Summary: Weights, biases, and the squish

Lesson 2 said hidden neurons “get their number from the layer before” and “do the work,” but never said how. This lesson is the how, and it is one small computation that every neuron in the network runs: multiply each incoming activation by a weight, add them up, add a bias, and squash the result into a usable range. Learn it once and you understand every neuron there is. The surprise at the end is the count: even a tiny digit network has about thirteen thousand of these weights and biases, and modern networks have billions. This is the scan-it-in-five-minutes version.

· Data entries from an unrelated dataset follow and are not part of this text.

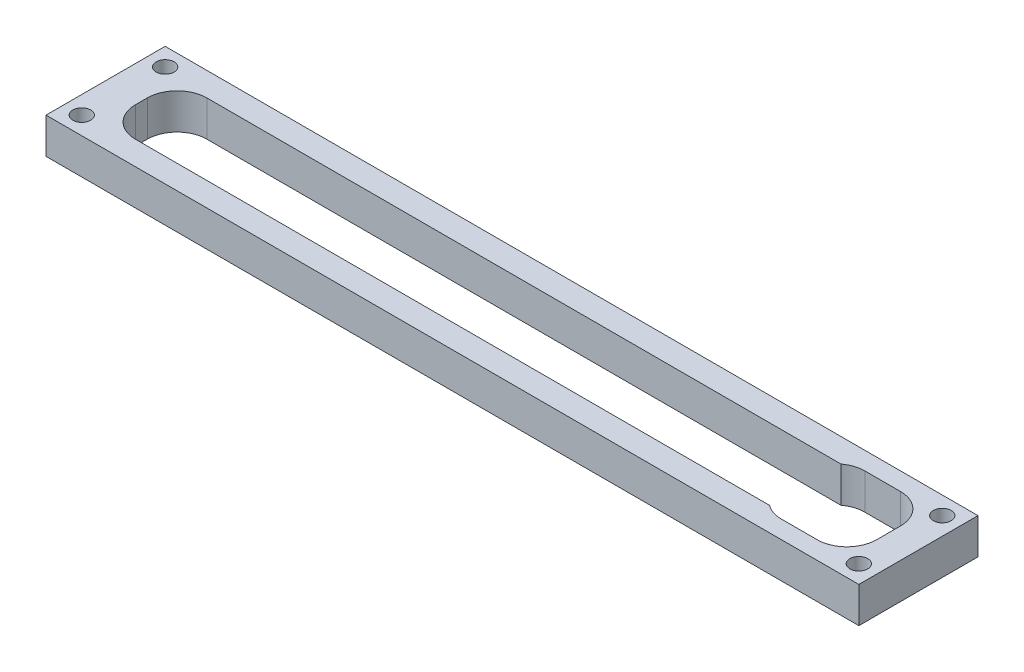
ISO-10303-21;
HEADER;
FILE_DESCRIPTION(('STEP AP214'),'2;1');
FILE_NAME('part.step','',(''),(''),'','','');
FILE_SCHEMA(('AUTOMOTIVE_DESIGN { 1 0 10303 214 1 1 1 1 }'));
ENDSEC;
DATA;
#1=APPLICATION_CONTEXT('core data for automotive mechanical design processes');
#2=APPLICATION_PROTOCOL_DEFINITION('international standard','automotive_design',2000,#1);
#3=PRODUCT_CONTEXT('',#1,'mechanical');
#4=PRODUCT('Part','Part','',(#3));
#5=PRODUCT_RELATED_PRODUCT_CATEGORY('part','',(#4));
#6=PRODUCT_DEFINITION_FORMATION('','',#4);
#7=PRODUCT_DEFINITION_CONTEXT('part definition',#1,'design');
#8=PRODUCT_DEFINITION('design','',#6,#7);
#9=PRODUCT_DEFINITION_SHAPE('','',#8);
#10=(LENGTH_UNIT() NAMED_UNIT(*) SI_UNIT(.MILLI.,.METRE.));
#11=(NAMED_UNIT(*) PLANE_ANGLE_UNIT() SI_UNIT($,.RADIAN.));
#12=(NAMED_UNIT(*) SI_UNIT($,.STERADIAN.) SOLID_ANGLE_UNIT());
#13=UNCERTAINTY_MEASURE_WITH_UNIT(LENGTH_MEASURE(1.E-05),#10,'distance_accuracy_value','');
#14=(GEOMETRIC_REPRESENTATION_CONTEXT(3) GLOBAL_UNCERTAINTY_ASSIGNED_CONTEXT((#13)) GLOBAL_UNIT_ASSIGNED_CONTEXT((#10,
#11,#12)) REPRESENTATION_CONTEXT('',''));
#15=CARTESIAN_POINT('',(0.,0.,0.));
#16=DIRECTION('',(0.,0.,1.));
#17=DIRECTION('',(1.,0.,0.));
#18=AXIS2_PLACEMENT_3D('',#15,#16,#17);
#19=CARTESIAN_POINT('',(0.,6.,0.));
#20=DIRECTION('',(0.,-1.,0.));
#21=DIRECTION('',(0.,0.,-1.));
#22=AXIS2_PLACEMENT_3D('',#19,#20,#21);
#23=PLANE('',#22);
#24=DIRECTION('',(0.,0.,1.));
#25=VECTOR('',#24,1.);
#26=CARTESIAN_POINT('',(0.,6.,0.));
#27=LINE('',#26,#25);
#28=CARTESIAN_POINT('',(0.,6.,-20.));
#29=VERTEX_POINT('',#28);
#30=CARTESIAN_POINT('',(0.,6.,0.));
#31=VERTEX_POINT('',#30);
#32=EDGE_CURVE('E250',#29,#31,#27,.T.);
#33=ORIENTED_EDGE('',*,*,#32,.T.);
#34=DIRECTION('',(1.,0.,0.));
#35=VECTOR('',#34,1.);
#36=CARTESIAN_POINT('',(0.,6.,0.));
#37=LINE('',#36,#35);
#38=CARTESIAN_POINT('',(136.427821804855,6.,0.));
#39=VERTEX_POINT('',#38);
#40=EDGE_CURVE('E253',#31,#39,#37,.T.);
#41=ORIENTED_EDGE('',*,*,#40,.T.);
#42=DIRECTION('',(0.,0.,-1.));
#43=VECTOR('',#42,1.);
#44=CARTESIAN_POINT('',(136.427821804855,6.,0.));
#45=LINE('',#44,#43);
#46=CARTESIAN_POINT('',(136.427821804855,6.,-20.));
#47=VERTEX_POINT('',#46);
#48=EDGE_CURVE('E256',#39,#47,#45,.T.);
#49=ORIENTED_EDGE('',*,*,#48,.T.);
#50=DIRECTION('',(-1.,0.,0.));
#51=VECTOR('',#50,1.);
#52=CARTESIAN_POINT('',(0.,6.,-20.));
#53=LINE('',#52,#51);
#54=EDGE_CURVE('E258',#47,#29,#53,.T.);
#55=ORIENTED_EDGE('',*,*,#54,.T.);
#56=EDGE_LOOP('',(#33,#41,#49,#55));
#57=FACE_BOUND('',#56,.T.);
#58=DIRECTION('',(-1.,0.,0.));
#59=VECTOR('',#58,1.);
#60=CARTESIAN_POINT('',(5.99999999999999,6.,-16.));
#61=LINE('',#60,#59);
#62=CARTESIAN_POINT('',(117.427821804855,6.,-16.));
#63=VERTEX_POINT('',#62);
#64=CARTESIAN_POINT('',(11.,6.,-16.));
#65=VERTEX_POINT('',#64);
#66=EDGE_CURVE('E243',#63,#65,#61,.T.);
#67=ORIENTED_EDGE('',*,*,#66,.F.);
#68=CARTESIAN_POINT('',(120.427821804855,6.,-12.));
#69=DIRECTION('',(0.,-1.,0.));
#70=DIRECTION('',(0.,0.,-1.));
#71=AXIS2_PLACEMENT_3D('',#68,#69,#70);
#72=CIRCLE('',#71,5.);
#73=CARTESIAN_POINT('',(120.427821804855,6.,-17.));
#74=VERTEX_POINT('',#73);
#75=EDGE_CURVE('E193',#63,#74,#72,.T.);
#76=ORIENTED_EDGE('',*,*,#75,.T.);
#77=DIRECTION('',(-1.,0.,0.));
#78=VECTOR('',#77,1.);
#79=CARTESIAN_POINT('',(117.427821804855,6.,-17.));
#80=LINE('',#79,#78);
#81=CARTESIAN_POINT('',(126.427821804855,6.,-17.));
#82=VERTEX_POINT('',#81);
#83=EDGE_CURVE('E205',#82,#74,#80,.T.);
#84=ORIENTED_EDGE('',*,*,#83,.F.);
#85=CARTESIAN_POINT('',(126.427821804855,6.,-12.));
#86=DIRECTION('',(0.,-1.,0.));
#87=DIRECTION('',(0.,0.,-1.));
#88=AXIS2_PLACEMENT_3D('',#85,#86,#87);
#89=CIRCLE('',#88,5.);
#90=CARTESIAN_POINT('',(131.427821804855,6.,-12.));
#91=VERTEX_POINT('',#90);
#92=EDGE_CURVE('E185',#82,#91,#89,.T.);
#93=ORIENTED_EDGE('',*,*,#92,.T.);
#94=DIRECTION('',(0.,0.,-1.));
#95=VECTOR('',#94,1.);
#96=CARTESIAN_POINT('',(131.427821804855,6.,-17.));
#97=LINE('',#96,#95);
#98=CARTESIAN_POINT('',(131.427821804855,6.,-8.00000000000001));
#99=VERTEX_POINT('',#98);
#100=EDGE_CURVE('E202',#99,#91,#97,.T.);
#101=ORIENTED_EDGE('',*,*,#100,.F.);
#102=CARTESIAN_POINT('',(126.427821804855,6.,-8.00000000000001));
#103=DIRECTION('',(0.,-1.,0.));
#104=DIRECTION('',(0.,0.,-1.));
#105=AXIS2_PLACEMENT_3D('',#102,#103,#104);
#106=CIRCLE('',#105,5.);
#107=CARTESIAN_POINT('',(126.427821804855,6.,-3.00000000000001));
#108=VERTEX_POINT('',#107);
#109=EDGE_CURVE('E189',#99,#108,#106,.T.);
#110=ORIENTED_EDGE('',*,*,#109,.T.);
#111=DIRECTION('',(1.,0.,0.));
#112=VECTOR('',#111,1.);
#113=CARTESIAN_POINT('',(117.427821804855,6.,-3.00000000000001));
#114=LINE('',#113,#112);
#115=CARTESIAN_POINT('',(120.427821804855,6.,-3.00000000000001));
#116=VERTEX_POINT('',#115);
#117=EDGE_CURVE('E200',#116,#108,#114,.T.);
#118=ORIENTED_EDGE('',*,*,#117,.F.);
#119=CARTESIAN_POINT('',(120.427821804855,6.,-8.00000000000001));
#120=DIRECTION('',(0.,-1.,0.));
#121=DIRECTION('',(0.,0.,-1.));
#122=AXIS2_PLACEMENT_3D('',#119,#120,#121);
#123=CIRCLE('',#122,5.);
#124=CARTESIAN_POINT('',(117.427821804855,6.,-4.00000000000002));
#125=VERTEX_POINT('',#124);
#126=EDGE_CURVE('E43',#116,#125,#123,.T.);
#127=ORIENTED_EDGE('',*,*,#126,.T.);
#128=DIRECTION('',(1.,0.,0.));
#129=VECTOR('',#128,1.);
#130=CARTESIAN_POINT('',(5.99999999999999,6.,-4.00000000000002));
#131=LINE('',#130,#129);
#132=CARTESIAN_POINT('',(11.,6.,-4.00000000000002));
#133=VERTEX_POINT('',#132);
#134=EDGE_CURVE('E162',#133,#125,#131,.T.);
#135=ORIENTED_EDGE('',*,*,#134,.F.);
#136=CARTESIAN_POINT('',(11.,6.,-9.00000000000001));
#137=DIRECTION('',(0.,-1.,0.));
#138=DIRECTION('',(0.,0.,-1.));
#139=AXIS2_PLACEMENT_3D('',#136,#137,#138);
#140=CIRCLE('',#139,5.);
#141=CARTESIAN_POINT('',(5.99999999999999,6.,-9.00000000000001));
#142=VERTEX_POINT('',#141);
#143=EDGE_CURVE('E179',#133,#142,#140,.T.);
#144=ORIENTED_EDGE('',*,*,#143,.T.);
#145=DIRECTION('',(0.,0.,1.));
#146=VECTOR('',#145,1.);
#147=CARTESIAN_POINT('',(5.99999999999999,6.,-16.));
#148=LINE('',#147,#146);
#149=CARTESIAN_POINT('',(5.99999999999999,6.,-11.));
#150=VERTEX_POINT('',#149);
#151=EDGE_CURVE('E239',#150,#142,#148,.T.);
#152=ORIENTED_EDGE('',*,*,#151,.F.);
#153=CARTESIAN_POINT('',(11.,6.,-11.));
#154=DIRECTION('',(0.,-1.,0.));
#155=DIRECTION('',(0.,0.,-1.));
#156=AXIS2_PLACEMENT_3D('',#153,#154,#155);
#157=CIRCLE('',#156,5.);
#158=EDGE_CURVE('E183',#150,#65,#157,.T.);
#159=ORIENTED_EDGE('',*,*,#158,.T.);
#160=EDGE_LOOP('',(#67,#76,#84,#93,#101,#110,#118,#127,#135,#144,#152,#159));
#161=FACE_BOUND('',#160,.T.);
#162=CARTESIAN_POINT('',(3.,6.,-17.));
#163=DIRECTION('',(0.,1.,0.));
#164=DIRECTION('',(0.,0.,1.));
#165=AXIS2_PLACEMENT_3D('',#162,#163,#164);
#166=CIRCLE('',#165,1.5);
#167=CARTESIAN_POINT('',(3.,6.,-15.5));
#168=VERTEX_POINT('',#167);
#169=EDGE_CURVE('E234',#168,#168,#166,.T.);
#170=ORIENTED_EDGE('',*,*,#169,.F.);
#171=EDGE_LOOP('',(#170));
#172=FACE_BOUND('',#171,.T.);
#173=CARTESIAN_POINT('',(3.,6.,-3.));
#174=DIRECTION('',(0.,1.,0.));
#175=DIRECTION('',(0.,0.,-1.));
#176=AXIS2_PLACEMENT_3D('',#173,#174,#175);
#177=CIRCLE('',#176,1.5);
#178=CARTESIAN_POINT('',(3.,6.,-4.5));
#179=VERTEX_POINT('',#178);
#180=EDGE_CURVE('E228',#179,#179,#177,.T.);
#181=ORIENTED_EDGE('',*,*,#180,.F.);
#182=EDGE_LOOP('',(#181));
#183=FACE_BOUND('',#182,.T.);
#184=CARTESIAN_POINT('',(133.427821804855,6.,-3.00000000000002));
#185=DIRECTION('',(0.,1.,0.));
#186=DIRECTION('',(0.,0.,1.));
#187=AXIS2_PLACEMENT_3D('',#184,#185,#186);
#188=CIRCLE('',#187,1.5);
#189=CARTESIAN_POINT('',(133.427821804855,6.,-1.50000000000002));
#190=VERTEX_POINT('',#189);
#191=EDGE_CURVE('E222',#190,#190,#188,.T.);
#192=ORIENTED_EDGE('',*,*,#191,.F.);
#193=EDGE_LOOP('',(#192));
#194=FACE_BOUND('',#193,.T.);
#195=CARTESIAN_POINT('',(133.427821804855,6.,-17.0000000000001));
#196=DIRECTION('',(0.,1.,0.));
#197=DIRECTION('',(0.,0.,-1.));
#198=AXIS2_PLACEMENT_3D('',#195,#196,#197);
#199=CIRCLE('',#198,1.5);
#200=CARTESIAN_POINT('',(133.427821804855,6.,-18.5));
#201=VERTEX_POINT('',#200);
#202=EDGE_CURVE('E216',#201,#201,#199,.T.);
#203=ORIENTED_EDGE('',*,*,#202,.F.);
#204=EDGE_LOOP('',(#203));
#205=FACE_BOUND('',#204,.T.);
#206=ADVANCED_FACE('F35',(#57,#161,#172,#183,#194,#205),#23,.F.);
#207=CARTESIAN_POINT('',(0.,0.,0.));
#208=DIRECTION('',(0.,-1.,0.));
#209=DIRECTION('',(0.,0.,-1.));
#210=AXIS2_PLACEMENT_3D('',#207,#208,#209);
#211=PLANE('',#210);
#212=DIRECTION('',(-1.,0.,0.));
#213=VECTOR('',#212,1.);
#214=CARTESIAN_POINT('',(117.427821804855,0.,-17.));
#215=LINE('',#214,#213);
#216=CARTESIAN_POINT('',(126.427821804855,0.,-17.));
#217=VERTEX_POINT('',#216);
#218=CARTESIAN_POINT('',(120.427821804855,0.,-17.));
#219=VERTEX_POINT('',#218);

  • Every neuron runs the same three-step computation. Take a weighted sum (each incoming activation times its connection’s weight, all added up), add the neuron’s bias, then pass the total through an activation function. In one line: activation = squish(weighted sum + bias).
  • Weights set attention. Each weight sits on a connection: a large positive weight boosts that input, a negative one dampens it, a near-zero one ignores it. The pattern of weights into a neuron acts like a template, and the weighted sum scores how well the input matches it.
  • The bias sets eagerness. Added after the weighted sum, the bias shifts when the neuron wakes up: negative makes it cautious, positive makes it eager. Think of it as the neuron’s default lean before it looks at any input.
  • The squish keeps numbers in range. The weighted sum plus bias can be any number; the activation function squashes it back into a usable range. Sigmoid (1 / (1 + e^(-x))) is a smooth S-curve into (0, 1); ReLU (max(0, x)) is zero for negatives and the input itself for positives. Which one is a design choice, and neither changes as the network learns.
  • Worked once: inputs 0.5, 0.8, 0.2, weights 0.3, -0.2, 0.5, bias 0.1 give a weighted-sum-plus-bias of 0.19. Sigmoid turns that into about 0.547; ReLU leaves it at 0.19. Same neuron, two squishes, two activations.
  • Weights and biases together are the parameters. Count them for the 784-16-16-10 network: 12,560 + 272 + 170 = about 13,002. A small digit recognizer already needs thirteen thousand numbers set just right; modern networks have billions.
  • A network’s behavior lives in its parameter values, not in the structure (just layers and connections) or the formula (never changes). Two identically built networks behave differently purely because their parameters differ. The power comes from quantity, not from any single neuron being clever.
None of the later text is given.